A docência universitária tem compromissos que vão muito além da mecânica
transmissão de conteúdos disciplinares. Suas dimensões “científica, técnica, estética,
ética e política se inserem em um campo social cuja formação tem relação radical com a
vida pública e com o melhoramento do modelo da sociedade nacional e da sociedade
universal” (DIAS SOBRINHO, 2009, p. 25). Portanto, ser professor ultrapassa o
domínio de conteúdo, incorporando características que só podem ser alcançadas
mediante uma reflexão e atuação intencional da atividade pedagógica. O desafio
encontrado atualmente e explicitado em Cunha (2009) pressupõe a superação do
pensamento de que o conhecimento válido é apenas o que passou pelo crivo do método
científico, supervalorizado pela modernidade, no qual a teoria se estabeleceu como
referente da prática.
Dilemas de Atuação: Docente e/ou Pesquisador
A universidade é um espaço em que se articulam – ou deveriam se articular – o
ensino, a pesquisa e a extensão, com a finalidade de “formar profissionais críticos e
criativos, capazes de construir, com seu trabalho, uma sociedade democrática e
solidária” (RIOS, 2009, p. 119). Se partirmos do pressuposto de que a legitimação
acadêmica é atributo da universidade, não há, portanto, como imaginar que se questione
sua condição de espaço de formação de seus docentes. As experiências que dão à
universidade a condição de lugar de formação reconhecem nela a condição de lócus
cultural que traz intermediações de significados com os sujeitos em formação. Nessa
perspectiva constrói-se uma teia de relações que torna possível a produção de sentidos,
perpassadas pelas relações de poder que se estabelecem na relação espaço-lugar da
formação (PIMENTA; ANASTASIOU, 2005; CUNHA, 2009).

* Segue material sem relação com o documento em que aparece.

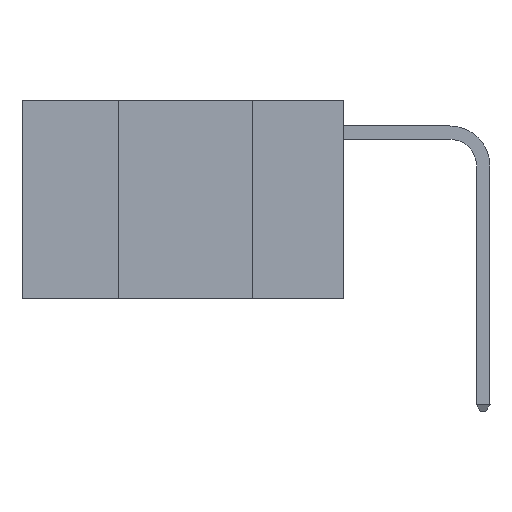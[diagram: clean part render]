
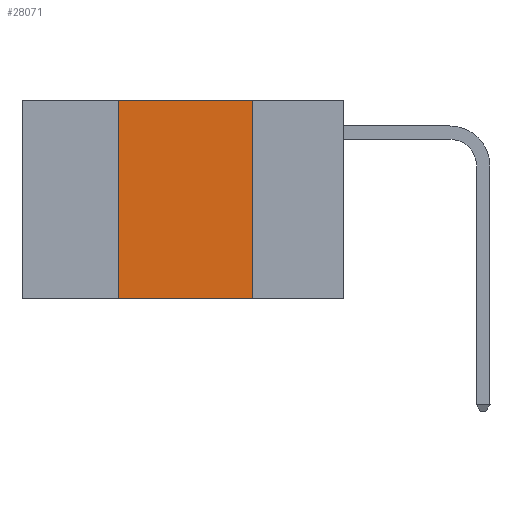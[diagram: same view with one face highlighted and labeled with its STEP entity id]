
A CAD part, left-side view. The second image highlights one B-rep face of the part: STEP entity #28071.
In plain terms, the highlighted planar face has unit normal (-1, 0, 0).
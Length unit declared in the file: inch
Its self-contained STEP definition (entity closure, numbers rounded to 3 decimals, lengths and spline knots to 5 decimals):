
#160 = CARTESIAN_POINT ( 'NONE',  ( 0., 0.17, 0. ) ) ;
#763 = EDGE_LOOP ( 'NONE', ( #17729, #19403, #29368, #22007 ) ) ;
#1285 = CARTESIAN_POINT ( 'NONE',  ( 0., 0.6, 0. ) ) ;
#2718 = VECTOR ( 'NONE', #6763, 39.37008 ) ;
#2764 = VERTEX_POINT ( 'NONE', #6179 ) ;
#3359 = DIRECTION ( 'NONE',  ( 0., -1., 0. ) ) ;
#3679 = FACE_OUTER_BOUND ( 'NONE', #763, .T. ) ;
#4139 = EDGE_CURVE ( 'NONE', #4588, #2764, #11307, .T. ) ;
#4588 = VERTEX_POINT ( 'NONE', #23764 ) ;
#4688 = LINE ( 'NONE', #9607, #2718 ) ;
#6179 = CARTESIAN_POINT ( 'NONE',  ( 0., 0.17, -0.37 ) ) ;
#6763 = DIRECTION ( 'NONE',  ( 0., 0., -1. ) ) ;
#7069 = EDGE_CURVE ( 'NONE', #31145, #2764, #4688, .T. ) ;
#9558 = DIRECTION ( 'NONE',  ( 1., 0., 0. ) ) ;
#9607 = CARTESIAN_POINT ( 'NONE',  ( 0., 0.17, 0. ) ) ;
#10298 = VECTOR ( 'NONE', #19525, 39.37008 ) ;
#11307 = LINE ( 'NONE', #18957, #10298 ) ;
#13091 = CARTESIAN_POINT ( 'NONE',  ( 0., 0.6, 0. ) ) ;
#13400 = PLANE ( 'NONE',  #16763 ) ;
#15558 = VECTOR ( 'NONE', #16384, 39.37008 ) ;
#16065 = LINE ( 'NONE', #23812, #15558 ) ;
#16384 = DIRECTION ( 'NONE',  ( 0., 0., 1. ) ) ;
#16573 = DIRECTION ( 'NONE',  ( 0., 0., -1. ) ) ;
#16763 = AXIS2_PLACEMENT_3D ( 'NONE', #1285, #9558, #16573 ) ;
#17729 = ORIENTED_EDGE ( 'NONE', *, *, #7069, .F. ) ;
#18957 = CARTESIAN_POINT ( 'NONE',  ( 0., 0.6, -0.37 ) ) ;
#19111 = VECTOR ( 'NONE', #3359, 39.37008 ) ;
#19403 = ORIENTED_EDGE ( 'NONE', *, *, #22065, .F. ) ;
#19525 = DIRECTION ( 'NONE',  ( 0., -1., 0. ) ) ;
#22007 = ORIENTED_EDGE ( 'NONE', *, *, #4139, .T. ) ;
#22065 = EDGE_CURVE ( 'NONE', #27296, #31145, #25105, .T. ) ;
#23764 = CARTESIAN_POINT ( 'NONE',  ( 0., 0.42, -0.37 ) ) ;
#23812 = CARTESIAN_POINT ( 'NONE',  ( 0., 0.42, 0. ) ) ;
#23814 = EDGE_CURVE ( 'NONE', #4588, #27296, #16065, .T. ) ;
#24998 = CARTESIAN_POINT ( 'NONE',  ( 0., 0.42, 0. ) ) ;
#25105 = LINE ( 'NONE', #13091, #19111 ) ;
#27296 = VERTEX_POINT ( 'NONE', #24998 ) ;
#28071 = ADVANCED_FACE ( 'NONE', ( #3679 ), #13400, .F. ) ;
#29368 = ORIENTED_EDGE ( 'NONE', *, *, #23814, .F. ) ;
#31145 = VERTEX_POINT ( 'NONE', #160 ) ;

No modelo que permeia a universidade brasileira, a formação de professores
ocupa um lugar secundário. Nele, as prioridades são concentradas nas funções de
pesquisa e elaboração do conhecimento científico, em geral considerado com
exclusividade nos programas de pós-graduação. Tudo o que não se enquadra dentro
dessas atividades passa, em geral, para um quadro inferior, como são as atividades de
ensino e de formação de professores (LÜDKE, 2009).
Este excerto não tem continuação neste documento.